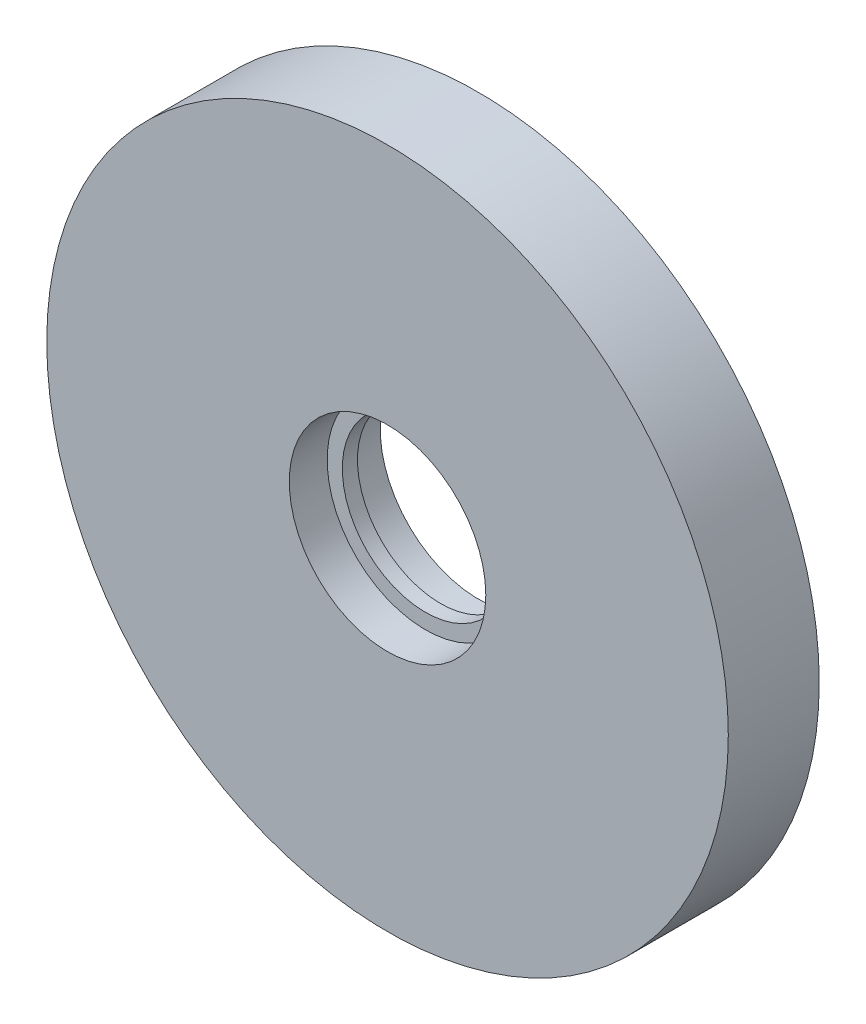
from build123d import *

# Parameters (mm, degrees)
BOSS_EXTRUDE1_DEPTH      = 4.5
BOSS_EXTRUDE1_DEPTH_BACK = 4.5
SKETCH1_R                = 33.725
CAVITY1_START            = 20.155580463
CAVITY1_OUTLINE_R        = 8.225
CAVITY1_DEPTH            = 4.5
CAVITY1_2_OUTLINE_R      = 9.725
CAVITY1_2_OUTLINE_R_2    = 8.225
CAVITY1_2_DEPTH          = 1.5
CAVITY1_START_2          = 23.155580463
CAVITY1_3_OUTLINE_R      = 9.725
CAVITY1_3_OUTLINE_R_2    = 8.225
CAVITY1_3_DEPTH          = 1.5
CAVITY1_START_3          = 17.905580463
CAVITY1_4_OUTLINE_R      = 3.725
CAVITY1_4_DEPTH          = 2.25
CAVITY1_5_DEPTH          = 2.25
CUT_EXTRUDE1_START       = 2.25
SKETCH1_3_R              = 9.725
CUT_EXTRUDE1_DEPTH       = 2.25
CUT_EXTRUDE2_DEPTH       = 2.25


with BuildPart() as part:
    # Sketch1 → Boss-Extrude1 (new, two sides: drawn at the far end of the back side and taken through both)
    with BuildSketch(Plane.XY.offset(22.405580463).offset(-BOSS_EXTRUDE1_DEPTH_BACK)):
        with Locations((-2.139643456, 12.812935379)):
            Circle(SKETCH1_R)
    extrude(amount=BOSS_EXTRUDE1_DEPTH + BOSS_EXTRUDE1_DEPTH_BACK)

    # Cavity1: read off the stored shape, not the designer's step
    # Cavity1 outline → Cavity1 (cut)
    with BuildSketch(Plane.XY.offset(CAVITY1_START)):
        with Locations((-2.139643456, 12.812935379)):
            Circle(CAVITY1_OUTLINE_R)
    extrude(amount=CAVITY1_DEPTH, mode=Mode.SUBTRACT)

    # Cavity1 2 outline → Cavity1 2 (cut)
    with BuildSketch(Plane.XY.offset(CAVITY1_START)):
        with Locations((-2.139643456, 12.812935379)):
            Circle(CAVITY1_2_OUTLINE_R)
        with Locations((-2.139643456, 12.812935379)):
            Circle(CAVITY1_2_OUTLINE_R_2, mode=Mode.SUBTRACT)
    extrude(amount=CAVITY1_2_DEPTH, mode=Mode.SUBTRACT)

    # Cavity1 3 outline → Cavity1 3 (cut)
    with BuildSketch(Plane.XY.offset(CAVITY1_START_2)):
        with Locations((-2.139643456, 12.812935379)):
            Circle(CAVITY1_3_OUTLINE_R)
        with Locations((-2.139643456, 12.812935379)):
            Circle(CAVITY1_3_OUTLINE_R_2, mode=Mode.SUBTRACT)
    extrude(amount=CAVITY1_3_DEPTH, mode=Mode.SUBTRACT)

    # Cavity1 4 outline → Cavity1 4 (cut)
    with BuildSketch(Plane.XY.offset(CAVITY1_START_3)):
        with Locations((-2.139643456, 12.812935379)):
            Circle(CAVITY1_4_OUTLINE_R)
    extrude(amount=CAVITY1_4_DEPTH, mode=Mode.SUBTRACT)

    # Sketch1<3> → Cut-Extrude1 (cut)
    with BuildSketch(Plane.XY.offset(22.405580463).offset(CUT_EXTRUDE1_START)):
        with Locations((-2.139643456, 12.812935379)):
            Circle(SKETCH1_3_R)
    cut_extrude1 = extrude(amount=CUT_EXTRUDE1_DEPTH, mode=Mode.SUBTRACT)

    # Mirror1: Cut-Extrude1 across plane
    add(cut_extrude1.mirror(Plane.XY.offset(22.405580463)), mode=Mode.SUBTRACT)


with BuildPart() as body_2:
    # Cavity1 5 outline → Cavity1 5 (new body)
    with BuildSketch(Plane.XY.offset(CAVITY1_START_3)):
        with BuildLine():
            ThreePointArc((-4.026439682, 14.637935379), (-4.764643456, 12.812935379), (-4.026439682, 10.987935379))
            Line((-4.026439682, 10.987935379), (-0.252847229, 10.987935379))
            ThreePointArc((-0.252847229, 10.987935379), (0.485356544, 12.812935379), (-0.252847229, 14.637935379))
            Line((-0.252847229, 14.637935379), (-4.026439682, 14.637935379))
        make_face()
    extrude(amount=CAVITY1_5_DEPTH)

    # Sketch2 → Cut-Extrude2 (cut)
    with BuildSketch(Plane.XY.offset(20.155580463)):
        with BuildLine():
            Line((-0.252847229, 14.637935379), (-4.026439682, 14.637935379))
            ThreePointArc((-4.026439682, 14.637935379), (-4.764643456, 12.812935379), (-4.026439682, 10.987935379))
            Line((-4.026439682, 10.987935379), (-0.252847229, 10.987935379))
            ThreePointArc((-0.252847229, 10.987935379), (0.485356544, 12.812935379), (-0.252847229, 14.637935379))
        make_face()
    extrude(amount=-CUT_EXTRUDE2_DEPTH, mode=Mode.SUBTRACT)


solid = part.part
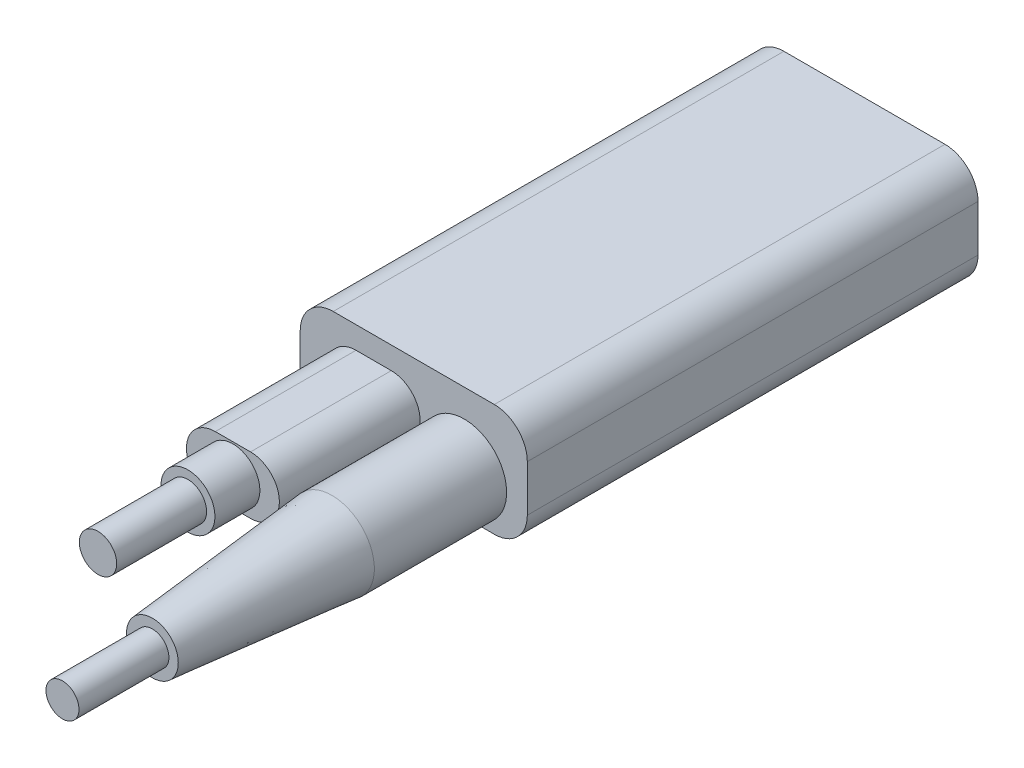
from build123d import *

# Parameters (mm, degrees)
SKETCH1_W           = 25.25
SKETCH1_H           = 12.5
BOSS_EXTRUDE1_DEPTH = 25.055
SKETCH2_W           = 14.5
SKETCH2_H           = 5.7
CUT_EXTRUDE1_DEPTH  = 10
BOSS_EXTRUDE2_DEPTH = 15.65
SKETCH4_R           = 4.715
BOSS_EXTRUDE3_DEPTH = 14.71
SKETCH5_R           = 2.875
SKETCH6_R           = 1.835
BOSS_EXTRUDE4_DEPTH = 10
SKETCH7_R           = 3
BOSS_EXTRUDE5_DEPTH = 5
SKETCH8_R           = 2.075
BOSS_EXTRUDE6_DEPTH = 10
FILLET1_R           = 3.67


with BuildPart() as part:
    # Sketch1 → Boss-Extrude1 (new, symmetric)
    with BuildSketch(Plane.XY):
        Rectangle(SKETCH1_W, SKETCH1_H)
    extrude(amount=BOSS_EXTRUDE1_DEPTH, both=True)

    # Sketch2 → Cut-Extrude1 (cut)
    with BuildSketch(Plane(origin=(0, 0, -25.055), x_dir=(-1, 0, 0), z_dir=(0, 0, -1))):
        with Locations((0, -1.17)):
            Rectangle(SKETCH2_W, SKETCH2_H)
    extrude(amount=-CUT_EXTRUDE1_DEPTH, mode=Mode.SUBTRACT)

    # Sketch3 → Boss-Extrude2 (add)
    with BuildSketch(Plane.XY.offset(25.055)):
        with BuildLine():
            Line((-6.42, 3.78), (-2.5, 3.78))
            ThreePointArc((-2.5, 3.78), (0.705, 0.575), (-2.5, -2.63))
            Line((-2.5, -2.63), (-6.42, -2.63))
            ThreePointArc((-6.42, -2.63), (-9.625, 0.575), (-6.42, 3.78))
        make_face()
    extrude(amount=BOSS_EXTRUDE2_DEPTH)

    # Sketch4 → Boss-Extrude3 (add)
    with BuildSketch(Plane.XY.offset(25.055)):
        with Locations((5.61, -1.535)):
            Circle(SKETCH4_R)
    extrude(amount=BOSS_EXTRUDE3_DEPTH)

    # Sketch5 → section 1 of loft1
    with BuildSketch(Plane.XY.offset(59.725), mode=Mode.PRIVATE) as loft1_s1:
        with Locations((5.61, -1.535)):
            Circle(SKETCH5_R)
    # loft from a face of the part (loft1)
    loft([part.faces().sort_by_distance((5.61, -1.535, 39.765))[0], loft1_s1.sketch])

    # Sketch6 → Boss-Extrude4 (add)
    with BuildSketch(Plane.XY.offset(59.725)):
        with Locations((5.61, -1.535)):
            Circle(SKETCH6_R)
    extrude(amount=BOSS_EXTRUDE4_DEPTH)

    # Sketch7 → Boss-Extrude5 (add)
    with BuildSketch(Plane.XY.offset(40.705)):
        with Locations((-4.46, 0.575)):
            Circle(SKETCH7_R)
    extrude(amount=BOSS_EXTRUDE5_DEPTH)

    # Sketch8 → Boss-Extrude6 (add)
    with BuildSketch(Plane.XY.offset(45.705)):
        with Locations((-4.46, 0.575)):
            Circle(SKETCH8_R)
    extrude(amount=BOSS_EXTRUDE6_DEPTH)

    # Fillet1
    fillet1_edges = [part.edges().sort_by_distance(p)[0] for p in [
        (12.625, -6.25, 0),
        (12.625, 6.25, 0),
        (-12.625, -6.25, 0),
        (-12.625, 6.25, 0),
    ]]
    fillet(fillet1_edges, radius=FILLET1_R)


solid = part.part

◇ ◇ ◇ ◇ ◇

* **YOUR OBJECTIVE**
Reproduce the lines of the entries above exactly, but only from the line containing "# Sketch8 → Boss-Extrude6 (add)" through the final line.

* **ANSWER SPACE**
    # Sketch8 → Boss-Extrude6 (add)
    with BuildSketch(Plane.XY.offset(45.705)):
        with Locations((-4.46, 0.575)):
            Circle(SKETCH8_R)
    extrude(amount=BOSS_EXTRUDE6_DEPTH)

    # Fillet1
    fillet1_edges = [part.edges().sort_by_distance(p)[0] for p in [
        (12.625, -6.25, 0),
        (12.625, 6.25, 0),
        (-12.625, -6.25, 0),
        (-12.625, 6.25, 0),
    ]]
    fillet(fillet1_edges, radius=FILLET1_R)


solid = part.part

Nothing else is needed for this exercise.